INSTRUCTIONS FOR THE TASK:
Look through the material below. Return exactly the lines from the one with "unnamed: D1.1 (K), R4.1" through the one with "Notes on the", both included.

SUPPLIED ENTRIES:
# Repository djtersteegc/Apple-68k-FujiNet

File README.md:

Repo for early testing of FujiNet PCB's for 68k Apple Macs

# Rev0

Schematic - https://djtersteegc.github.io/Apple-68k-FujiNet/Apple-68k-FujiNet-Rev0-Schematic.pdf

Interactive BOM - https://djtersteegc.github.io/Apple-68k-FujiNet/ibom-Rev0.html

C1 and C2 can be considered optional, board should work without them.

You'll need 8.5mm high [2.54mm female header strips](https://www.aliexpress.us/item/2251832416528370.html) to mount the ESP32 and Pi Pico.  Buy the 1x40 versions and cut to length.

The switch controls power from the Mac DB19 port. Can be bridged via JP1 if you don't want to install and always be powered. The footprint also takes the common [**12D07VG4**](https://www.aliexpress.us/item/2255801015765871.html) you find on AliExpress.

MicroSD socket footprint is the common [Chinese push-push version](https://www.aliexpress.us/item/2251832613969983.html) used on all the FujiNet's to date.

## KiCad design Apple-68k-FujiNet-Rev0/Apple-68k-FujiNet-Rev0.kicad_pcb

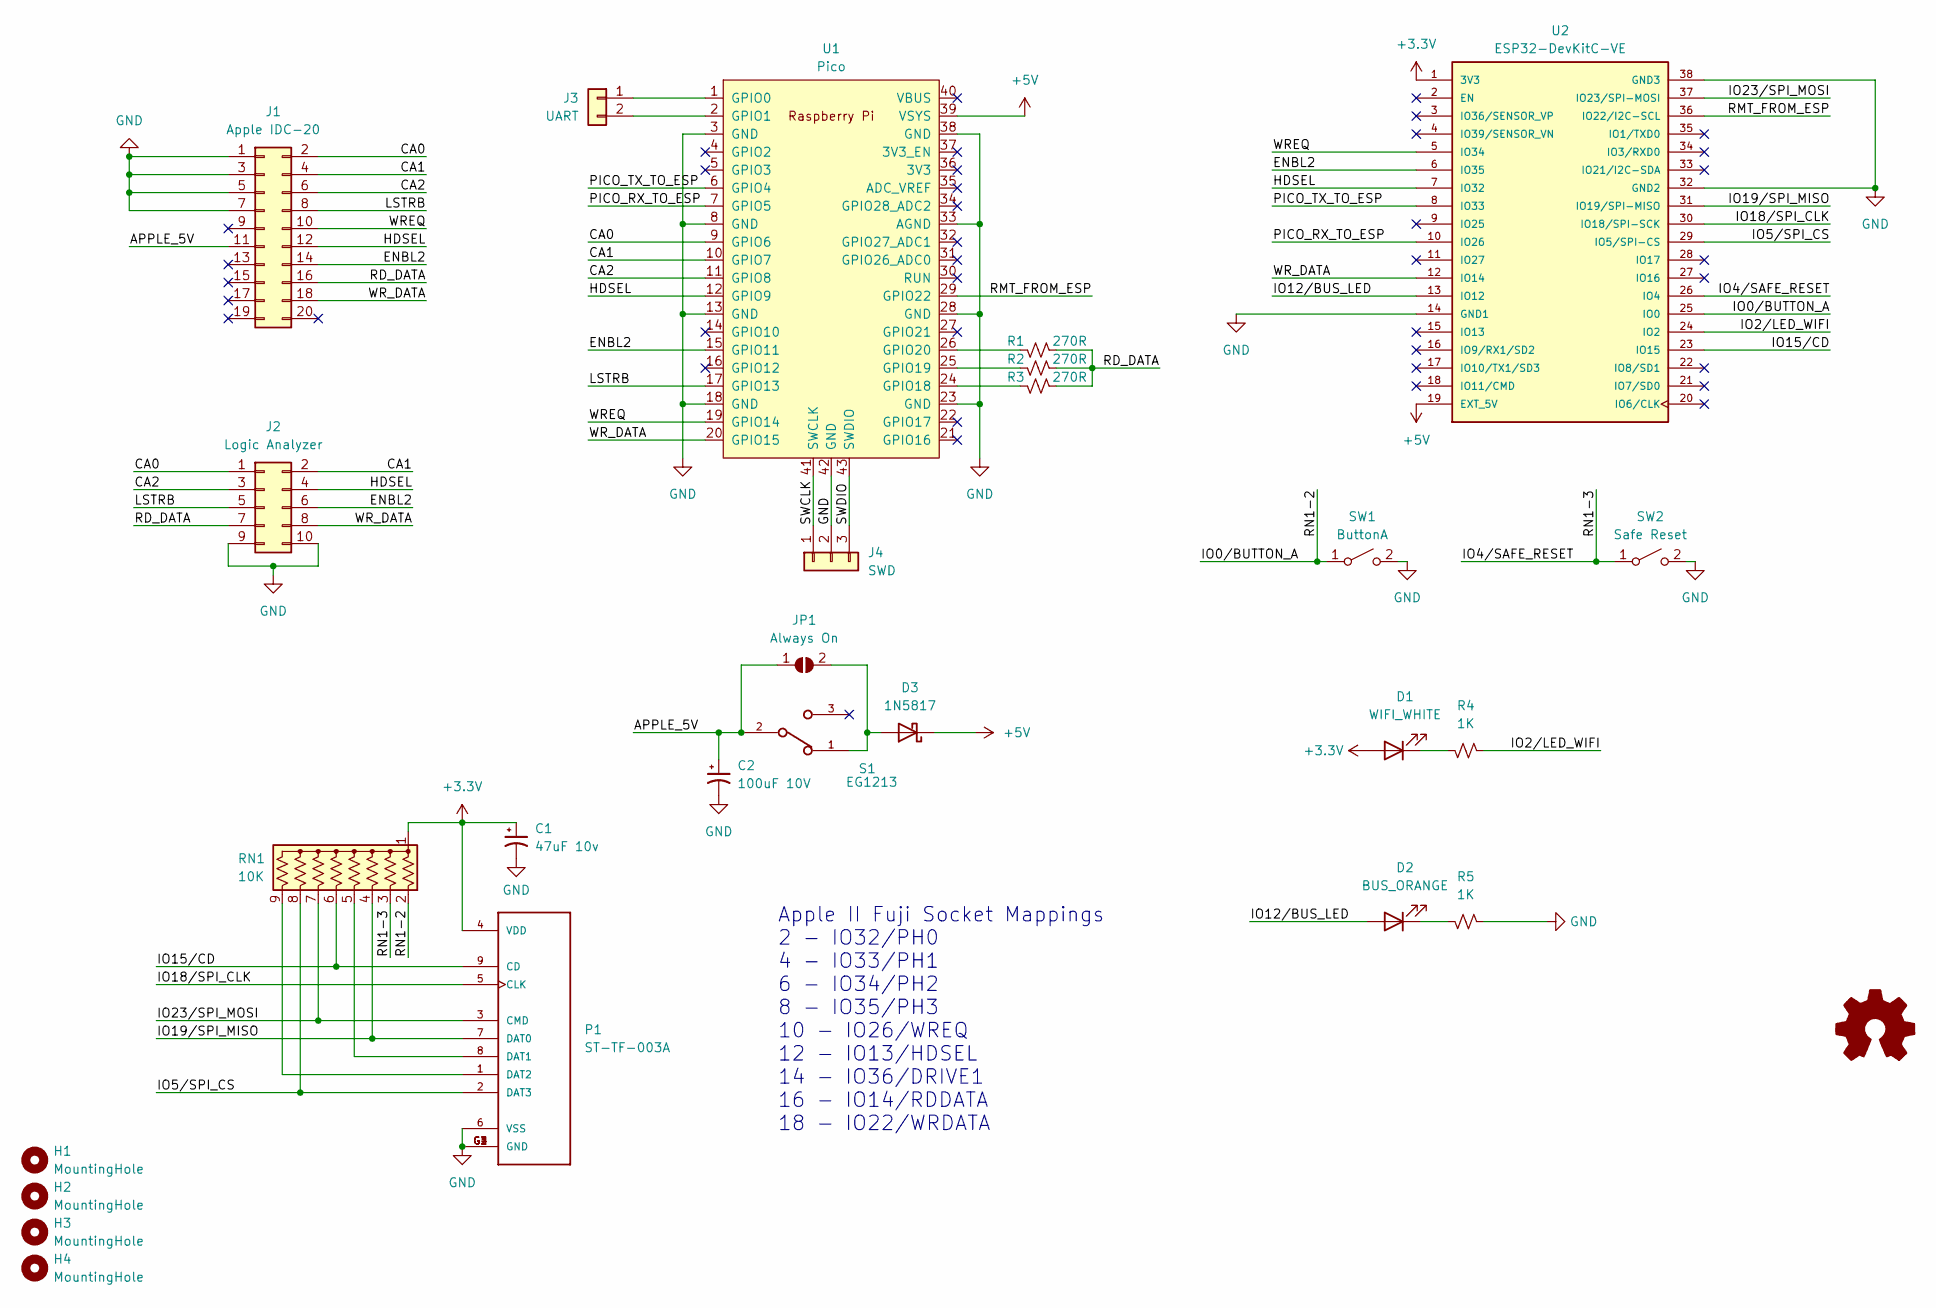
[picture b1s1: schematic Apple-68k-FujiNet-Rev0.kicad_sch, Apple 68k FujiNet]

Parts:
C1: 47uF 10v; CP_EIA-3528-15_AVX-H_Pad1.50x2.35mm_HandSolder
C2: 100uF 10V; CP_Radial_D6.3mm_P2.50mm
D1: WIFI_WHITE; LED_D5.0mm
D2: BUS_ORANGE; LED_D5.0mm
D3: 1N5817; D_DO-41_SOD81_P10.16mm_Horizontal
H1, H2, H3, H4: MountingHole; MountingHole_3.2mm_M3
J1: Apple IDC-20; IDC-Header_2x10_P2.54mm_Horizontal
J2: Logic Analyzer; PinHeader_2x05_P2.54mm_Vertical
J3: UART; PinHeader_1x02_P2.54mm_Vertical
J4: SWD; PinHeader_1x03_P2.54mm_Vertical
JP1: Always On; SolderJumper-2_P1.3mm_Open_RoundedPad1.0x1.5mm
P1: ST-TF-003A; SUNTECH_ST-TF-003A
R1, R2, R3: 270R; R_Axial_DIN0207_L6.3mm_D2.5mm_P7.62mm_Horizontal
R4, R5: 1K; R_Axial_DIN0207_L6.3mm_D2.5mm_P7.62mm_Horizontal
RN1: 10K; R_Array_SIP9
S1: EG1213; SW_EG1213
SW1: ButtonA; SW_PUSH_6mm_H5mm
SW2: Safe Reset; SW_PUSH_6mm_H5mm
U1: Pico; RPi_Pico_THT
U2: ESP32-DevKitC-VE; MODULE_ESP32-DEVKITC-32U; PARTREV N/A

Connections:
+3.3V: C1.1, D1.2 (A), P1.4 (VDD), RN1.1 (common), U2.1 (3V3)
+5V: D3.1 (K), U1.39 (VSYS), U2.19 (EXT_5V)
/APPLE_5V: C2.1, J1.11, JP1.1 (A), S1.2
/CA0: J1.2, J2.1, U1.9 (GPIO6)
/CA1: J1.4, J2.2, U1.10 (GPIO7)
/CA2: J1.6, J2.3, U1.11 (GPIO8)
/ENBL2: J1.14, J2.6, U1.15 (GPIO11), U2.6 (IO35)
/HDSEL: J1.12, J2.4, U1.12 (GPIO9), U2.7 (IO32)
/IO0/BUTTON_A: RN1.2 (R1), SW1.1 (A), U2.25 (IO0)
/IO2/LED_WIFI: R4.2, U2.24 (IO2)
/IO4/SAFE_RESET: RN1.3 (R2), SW2.1 (A), U2.26 (IO4)
/IO5/SPI_CS: P1.2 (DAT3), RN1.8 (R7), U2.29 (IO5/SPI-CS)
/IO12/BUS_LED: D2.2 (A), U2.13 (IO12)
/IO15/CD: P1.9 (CD), RN1.6 (R5), U2.23 (IO15)
/IO18/SPI_CLK: P1.5 (CLK), U2.30 (IO18/SPI-SCK)
/IO19/SPI_MISO: P1.7 (DAT0), RN1.4 (R3), U2.31 (IO19/SPI-MISO)
/IO23/SPI_MOSI: P1.3 (CMD), RN1.7 (R6), U2.37 (IO23/SPI-MOSI)
/LSTRB: J1.8, J2.5, U1.17 (GPIO13)
/PICO_RX_TO_ESP: U1.7 (GPIO5), U2.10 (IO26)
/PICO_TX_TO_ESP: U1.6 (GPIO4), U2.8 (IO33)
/RD_DATA: J1.16, J2.7, R1.2, R2.2, R3.2
/RMT_FROM_ESP: U1.29 (GPIO22), U2.36 (IO22/I2C-SCL)
/SWCLK: J4.1, U1.41 (SWCLK)
/SWDIO: J4.3, U1.43 (SWDIO)
/WREQ: J1.10, U1.19 (GPIO14), U2.5 (IO34)
/WR_DATA: J1.18, J2.8, U1.20 (GPIO15), U2.12 (IO14)
GND: C1.2, C2.2, J1.1, J1.3, J1.5, J1.7, J2.9, J2.10, J4.2, P1.6 (VSS), P1.G1 (GND), P1.G2 (GND), P1.G3 (GND), P1.G4 (GND), R5.2, SW1.2 (B), SW2.2 (B), U1.3 (GND), U1.8 (GND), U1.13 (GND), U1.18 (GND), U1.23 (GND), U1.28 (GND), U1.33 (AGND), U1.38 (GND), U1.42 (GND), U2.14 (GND1), U2.32 (GND2), U2.38 (GND3)
unnamed: D1.1 (K), R4.1
unnamed: D2.1 (K), R5.1
unnamed: D3.2 (A), JP1.2 (B), S1.1
unnamed: J3.1, U1.1 (GPIO0)
unnamed: J3.2, U1.2 (GPIO1)
unnamed: P1.8 (DAT1), RN1.5 (R4)
unnamed: P1.1 (DAT2), RN1.9 (R8)
unnamed: R3.1, U1.24 (GPIO18)
unnamed: R2.1, U1.25 (GPIO19)
unnamed: R1.1, U1.26 (GPIO20)

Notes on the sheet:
Apple II Fuji Socket Mappings 2 - IO32/PH0 4 - IO33/PH1 6 - IO34/PH2 8 - IO35/PH3 10 - IO26/WREQ 12 - IO13/HDSEL 14 - IO36/DRIVE1 16 - IO14/RDDATA 18 - IO22/WRDATA

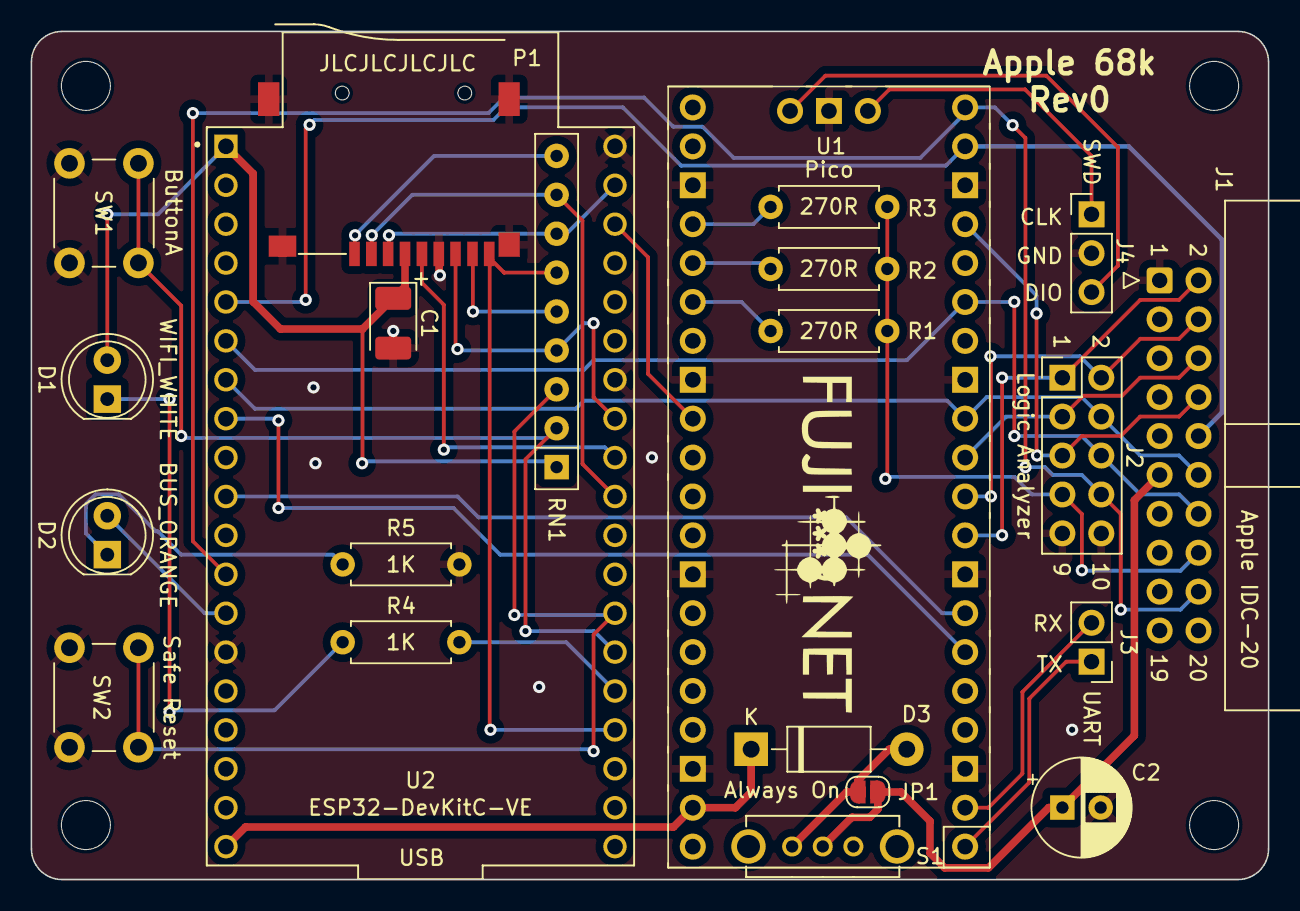
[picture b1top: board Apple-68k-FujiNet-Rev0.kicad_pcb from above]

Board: 2 copper layers, 80.8 x 55.4 mm, 26 parts (0 on the bottom side), 37 nets.

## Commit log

2024-01-20 Rev0
2024-01-20 Remove ground on Pin 7 for Rev0 boards since Jeff may also use these for Apple II development
2024-01-20 Update Schematic to remove GND on pin 7
2024-01-20 Add 3D board renders for assembly guidance
2024-02-09 Initial stab at a case for Rev0
2024-02-16 Tweak clearances, add button options, add new body with cutout for headers and modules buttons

ANSWER FOR THE TASK:
unnamed: D1.1 (K), R4.1
unnamed: D2.1 (K), R5.1
unnamed: D3.2 (A), JP1.2 (B), S1.1
unnamed: J3.1, U1.1 (GPIO0)
unnamed: J3.2, U1.2 (GPIO1)
unnamed: P1.8 (DAT1), RN1.5 (R4)
unnamed: P1.1 (DAT2), RN1.9 (R8)
unnamed: R3.1, U1.24 (GPIO18)
unnamed: R2.1, U1.25 (GPIO19)
unnamed: R1.1, U1.26 (GPIO20)

Notes on the sheet:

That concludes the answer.